▶ _Assigned task_
Starting at the first line of the records and stopping at the line that contains "import ezdxf", transcribe every line exactly and leave out the pictures.

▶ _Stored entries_
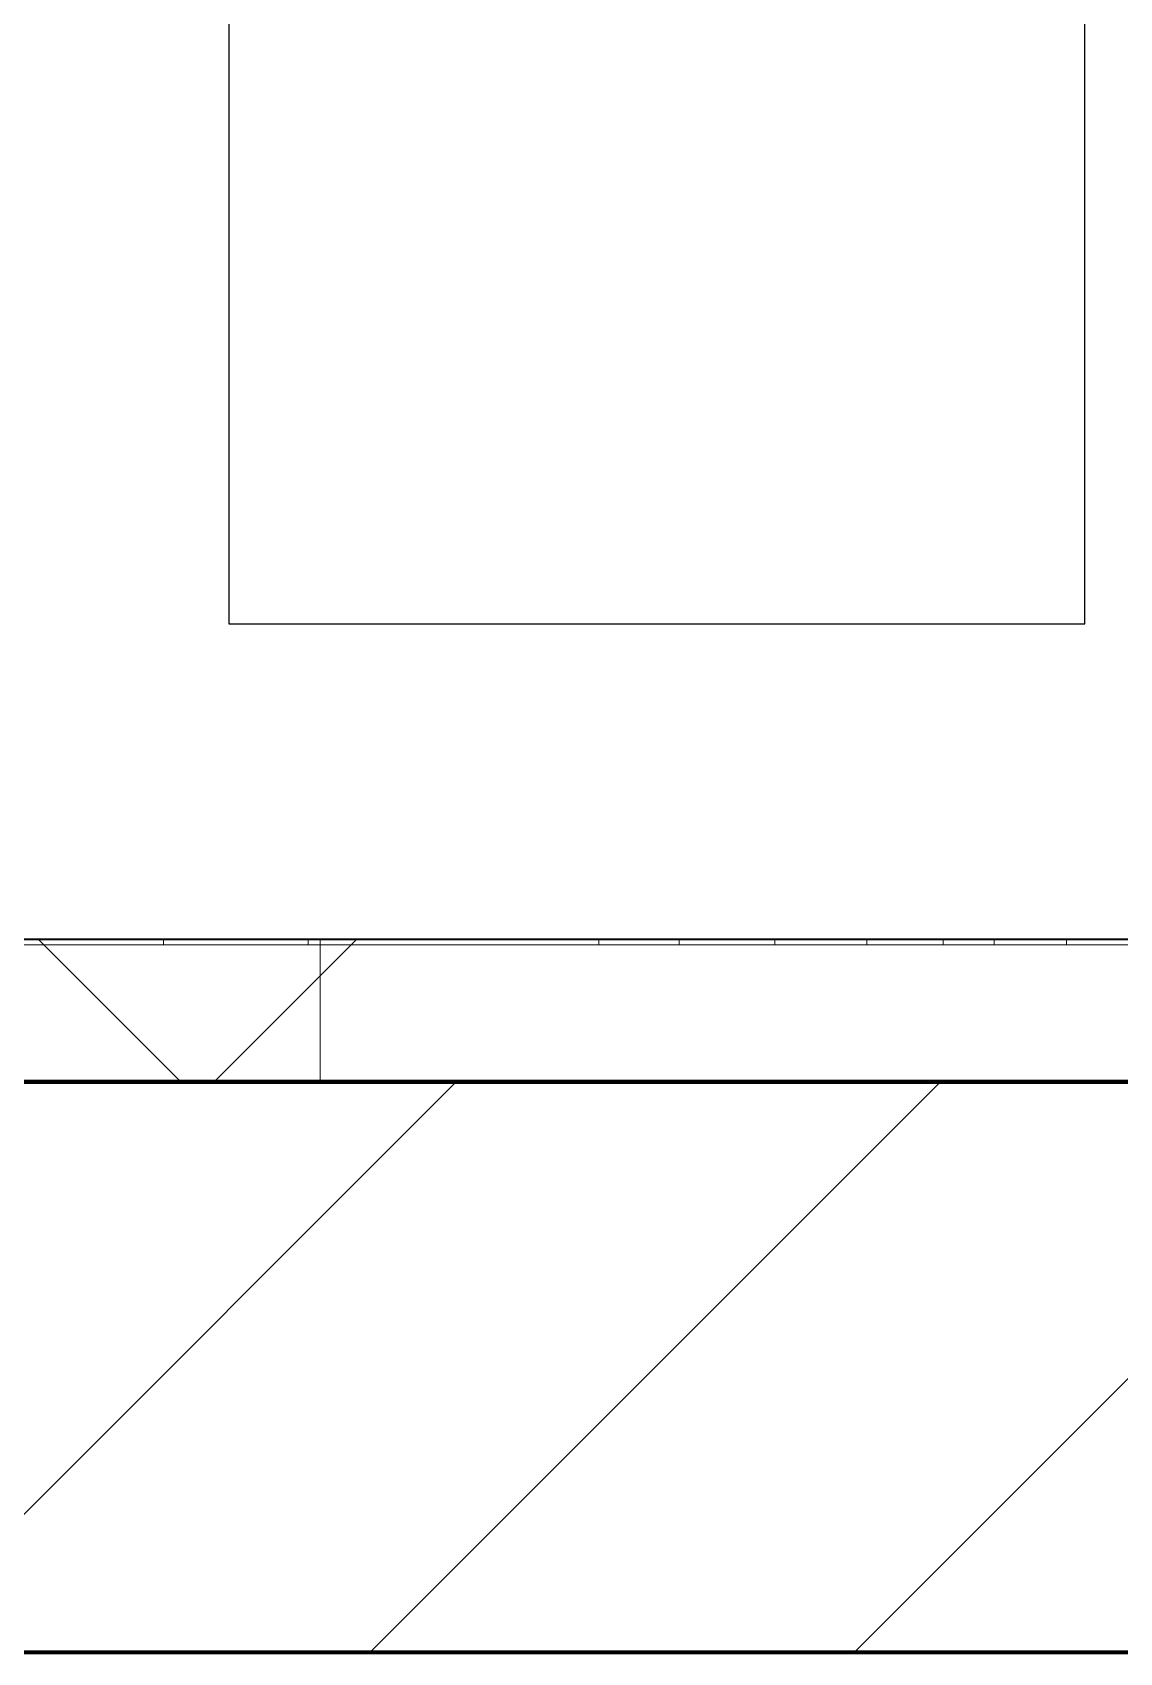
# Model space of a CAD drawing. Header units: millimetres. Extents: x -920231 to -841213, y -17301 to 22361.
# Drawn here: x -857283 to -856902, y -3376 to -2808 of the extents above; entities that cross this region are included whole.
import ezdxf
from ezdxf.xclip import XClip

# ---------------------------------------------------------------- set-up
doc = ezdxf.new("R2010")
doc.units = ezdxf.units.MM
doc.header["$XCLIPFRAME"] = 0
doc.layers.add('000 - WIPEOUT', color=250, linetype='Continuous')
doc.layers.add('A11_ALU.SOLID SHEET', color=2, linetype='Continuous')
for name, color, linetype, lineweight in [('A-GLAZ-CURT', 2, 'Continuous', 9), ('A-WALL', 5, 'Continuous', 35), ('A-WALL-FNSH', 2, 'Continuous', 35), ('A-WALL-PATT', 1, 'Continuous', 35)]:
    doc.layers.add(name, color=color, linetype=linetype, lineweight=lineweight)

# ---------------------------------------------------------------- blocks, each defined once
blk = doc.blocks.new('PPLS-PP19_Custom Tile Pattern - Custom Tile Pattern-V90-4230-01 ENLARGED MULTI-PURPOSE LEVEL - REFLECTED CEILING PLAN - SHEET 1')
at = {"layer": 'A-GLAZ-CURT'}
for p, q in [((170.29, 0), (245.04, 0)), ((195.99, 0), (213.31, 0)), ((213.31, 0), (195.99, 0)), ((230.06, 0), (300, 0)), ((245.04, 0), (245.04, -2)), ((295.8, 0), (300, 0)), ((295.8, -2), (295.8, 0)), ((300, 0), (300, -2)), ((-300, -2), (300, -2)), ((245.04, -2), (170.29, -2)), ((300, -2), (295.8, -2)), ((300, -2), (300, -50)), ((300, -50), (-300, -50))]:
    blk.add_line(p, q, dxfattribs=at)
for points, knots in [([(300, 0), (286.53, 0), (254.22, 0), (207.11, 0), (177.41, 0), (159.34, 0), (158.33, 0), (158.3, 0)], [-285.253232, -285.253232, -285.253232, -285.253232, -244.693688, -187.987675, -143.776725, -129.632772, -123.352749, -123.352749, -123.352749, -123.352749]), ([(159.07, 0), (159.13, 0), (160.84, 0), (165.21, 0), (174.15, 0), (185.98, 0), (208.82, 0), (219.42, 0), (230.06, 0)], [-115.643202, -115.643202, -115.643202, -115.643202, -114.681583, -87.660824, -65.295536, -41.623857, -24.459831, 0, 0, 0, 0]), ([(215.22, 0), (214.62, 0), (210.55, 0), (203.98, 0), (187.54, 0), (175.3, 0), (169.49, 0)], [-203.825446, -203.825446, -203.825446, -203.825446, -198.527383, -184.406837, -162.427601, -142.916156, -142.916156, -142.916156, -142.916156]), ([(172.07, 0), (177.66, 0), (187.87, 0), (201.08, 0), (207.47, 0), (213.96, 0), (215.11, 0)], [-255.364076, -255.364076, -255.364076, -255.364076, -237.955587, -223.92608, -215.862851, -208.75215, -208.75215, -208.75215, -208.75215]), ([(294.25, 0), (284.34, 0), (260.09, 0), (230.48, 0), (220, 0), (219.04, 0)], [-12427.685824, -12427.685824, -12427.685824, -12427.685824, -11905.454923, -11162.864862, -10859.773777, -10859.773777, -10859.773777, -10859.773777]), ([(219.84, 0), (220.8, 0), (227.72, 0), (240.28, 0), (245.04, 0)], [-10674.31991, -10674.31991, -10674.31991, -10674.31991, -10511.382485, -9932.504441, -9932.504441, -9932.504441, -9932.504441]), ([(284.78, 0), (284.83, 0), (285.23, 0), (287.47, 0), (291.28, 0), (293.21, 0)], [-4096.535135, -4096.535135, -4096.535135, -4096.535135, -4053.389046, -3959.664717, -3862.421465, -3862.421465, -3862.421465, -3862.421465]), ([(293.8, 0), (292.5, 0), (289.87, 0), (286.68, 0), (285.79, 0)], [-4562.639287, -4562.639287, -4562.639287, -4562.639287, -4358.271401, -4213.061173, -4213.061173, -4213.061173, -4213.061173])]:
    blk.add_open_spline(points, degree=3, knots=knots, dxfattribs=at)
for points in [[(295.8, 0), (295.34, 0), (294.84, 0), (294.29, 0)], [(294.29, 0), (296.21, 0), (298.11, 0), (300, 0)], [(300, 0), (298.25, 0), (296.49, 0), (294.73, 0)]]:
    blk.add_open_spline(points, degree=3, dxfattribs=at)
blk = doc.blocks.new('PPLS-PP19_Custom Tile Pattern - Custom Tile Pattern-V91-4230-01 ENLARGED MULTI-PURPOSE LEVEL - REFLECTED CEILING PLAN - SHEET 1')
at = {"layer": 'A-GLAZ-CURT'}
for p, q in [((-300, 0), (-202.31, 0)), ((-300, -2), (-300, 0)), ((-293.07, 0), (-275.75, 0)), ((-275.75, 0), (-293.07, 0)), ((-222.32, 0), (-205, 0)), ((-205, 0), (-222.32, 0)), ((-202.31, 0), (-202.31, -2)), ((-174.21, 0), (-140.66, 0)), ((-174.21, -2), (-174.21, 0)), ((-140.66, 0), (-140.66, -2)), ((-108.4, 0), (-81.66, 0)), ((-108.4, -2), (-108.4, 0)), ((-81.66, 0), (-81.66, -2)), ((-63.81, 0), (-38.36, 0)), ((-63.81, -2), (-63.81, 0)), ((-38.36, 0), (-38.36, -2)), ((-300, -2), (300, -2)), ((-300, -50), (-300, -2)), ((-202.31, -2), (-300, -2)), ((-140.66, -2), (-174.21, -2)), ((-81.66, -2), (-108.4, -2)), ((-38.36, -2), (-63.81, -2)), ((300, -50), (-300, -50))]:
    blk.add_line(p, q, dxfattribs=at)
at = {"layer": 'A-GLAZ-CURT', "flags": 128}
for points in [[(-300, 0), (-291.7, 0), (-283.58, 0), (-275.62, 0), (-267.8, 0), (-260.12, 0), (-252.56, 0), (-245.12, 0), (-237.77, 0), (-230.5, 0), (-223.32, 0), (-216.2, 0), (-209.18, 0), (-202.31, 0)], [(-233.91, 0), (-239.91, 0), (-247.01, 0), (-254.25, 0), (-261.61, 0), (-269.09, 0), (-276.68, 0), (-284.36, 0), (-292.14, 0), (-300, 0)], [(-174.21, 0), (-178.96, 0), (-183.97, 0), (-189.27, 0), (-194.85, 0), (-200.68, 0), (-206.74, 0), (-213.02, 0), (-219.49, 0), (-226.14, 0), (-232.95, 0)]]:
    blk.add_lwpolyline(points, dxfattribs=at)
at = {"layer": 'A-GLAZ-CURT'}
for points, knots in [([(-300, 0), (-284.65, 0), (-236.57, 0), (-193.47, 0), (-166.63, 0), (-162.09, 0)], [-5323.127839, -5323.127839, -5323.127839, -5323.127839, -4502.809032, -2700.551212, -2317.460792, -2317.460792, -2317.460792, -2317.460792]), ([(-234.54, 0), (-249.75, 0), (-270.88, 0), (-294.48, 0), (-300, 0)], [-14690.671329, -14690.671329, -14690.671329, -14690.671329, -13729.592194, -13439.944408, -13439.944408, -13439.944408, -13439.944408]), ([(-137.88, 0), (-140.56, 0), (-147.66, 0), (-147.69, 0), (-158.72, 0), (-174.02, 0), (-185.59, 0), (-209.77, 0), (-232.01, 0), (-255.22, 0), (-262.59, 0), (-264.9, 0), (-265.4, 0)], [-3187.727384, -3187.727384, -3187.727384, -3187.727384, -2919.378265, -2477.344047, -2237.412286, -2029.680487, -1755.085331, -1400.429864, -858.079193, -543.655514, -208.940337, 0, 0, 0, 0]), ([(-258.6, 0), (-257.91, 0), (-254.26, 0), (-245.17, 0), (-237.27, 0), (-233.91, 0)], [-5722.54675, -5722.54675, -5722.54675, -5722.54675, -5657.471696, -5413.335975, -5230.063612, -5230.063612, -5230.063612, -5230.063612]), ([(-162.55, 0), (-167.85, 0), (-179.14, 0), (-199.46, 0), (-216.65, 0), (-231.17, 0), (-233.39, 0), (-233.96, 0)], [-2048.735886, -2048.735886, -2048.735886, -2048.735886, -1763.376603, -1422.553702, -978.033455, -846.069444, -687.197352, -687.197352, -687.197352, -687.197352]), ([(-108.4, 0), (-116.54, 0), (-146.91, 0), (-189.85, 0), (-227.15, 0), (-233.91, 0)], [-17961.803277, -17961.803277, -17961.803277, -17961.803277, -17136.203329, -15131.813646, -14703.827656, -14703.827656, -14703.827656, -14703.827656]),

▶ _Solved exercise_
# Model space of a CAD drawing. Header units: millimetres. Extents: x -920231 to -841213, y -17301 to 22361.
# Drawn here: x -857283 to -856902, y -3376 to -2808 of the extents above; entities that cross this region are included whole.
import ezdxf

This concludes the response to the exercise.